What you will do:
The records below must be returned exactly, with every picture left out.

The input:
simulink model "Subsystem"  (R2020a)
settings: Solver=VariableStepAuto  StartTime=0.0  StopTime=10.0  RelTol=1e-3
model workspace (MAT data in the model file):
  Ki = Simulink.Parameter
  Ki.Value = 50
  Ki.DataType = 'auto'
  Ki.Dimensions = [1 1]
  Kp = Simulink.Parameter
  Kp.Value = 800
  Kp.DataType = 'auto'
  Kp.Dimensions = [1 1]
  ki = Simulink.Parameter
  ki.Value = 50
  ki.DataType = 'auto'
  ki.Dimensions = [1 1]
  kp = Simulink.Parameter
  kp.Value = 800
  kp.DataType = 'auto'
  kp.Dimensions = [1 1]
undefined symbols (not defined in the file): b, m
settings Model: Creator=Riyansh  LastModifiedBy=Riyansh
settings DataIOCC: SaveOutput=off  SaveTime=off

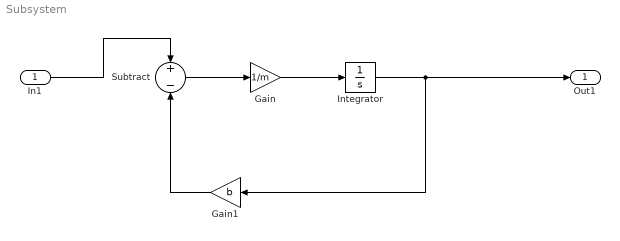
== system Subsystem ==
  In1 : Inport  OutDataTypeStr=double  PortDimensions=1  SampleTime=0
  "Gain " : Gain  Gain=1/m
  "Gain1 " : Gain  Gain=b
  "Integrator " : Integrator
  Subtract : Sum  Inputs=+-
  Out1 : Outport  OutDataTypeStr=double  PortDimensions=1  SampleTime=0
  wires:
  "Gain "/1 -> "Integrator "/1
  In1/1 -> Subtract/1
  "Gain1 "/1 -> Subtract/2
  Subtract/1 -> "Gain "/1
  "Integrator "/1 -> "Gain1 "/1, Out1/1

Worked solution:
simulink model "Subsystem"  (R2020a)
settings: Solver=VariableStepAuto  StartTime=0.0  StopTime=10.0  RelTol=1e-3
model workspace (MAT data in the model file):
  Ki = Simulink.Parameter
  Ki.Value = 50
  Ki.DataType = 'auto'
  Ki.Dimensions = [1 1]
  Kp = Simulink.Parameter
  Kp.Value = 800
  Kp.DataType = 'auto'
  Kp.Dimensions = [1 1]
  ki = Simulink.Parameter
  ki.Value = 50
  ki.DataType = 'auto'
  ki.Dimensions = [1 1]
  kp = Simulink.Parameter
  kp.Value = 800
  kp.DataType = 'auto'
  kp.Dimensions = [1 1]
undefined symbols (not defined in the file): b, m
settings Model: Creator=Riyansh  LastModifiedBy=Riyansh
settings DataIOCC: SaveOutput=off  SaveTime=off

== system Subsystem ==
  In1 : Inport  OutDataTypeStr=double  PortDimensions=1  SampleTime=0
  "Gain " : Gain  Gain=1/m
  "Gain1 " : Gain  Gain=b
  "Integrator " : Integrator
  Subtract : Sum  Inputs=+-
  Out1 : Outport  OutDataTypeStr=double  PortDimensions=1  SampleTime=0
  wires:
  "Gain "/1 -> "Integrator "/1
  In1/1 -> Subtract/1
  "Gain1 "/1 -> Subtract/2
  Subtract/1 -> "Gain "/1
  "Integrator "/1 -> "Gain1 "/1, Out1/1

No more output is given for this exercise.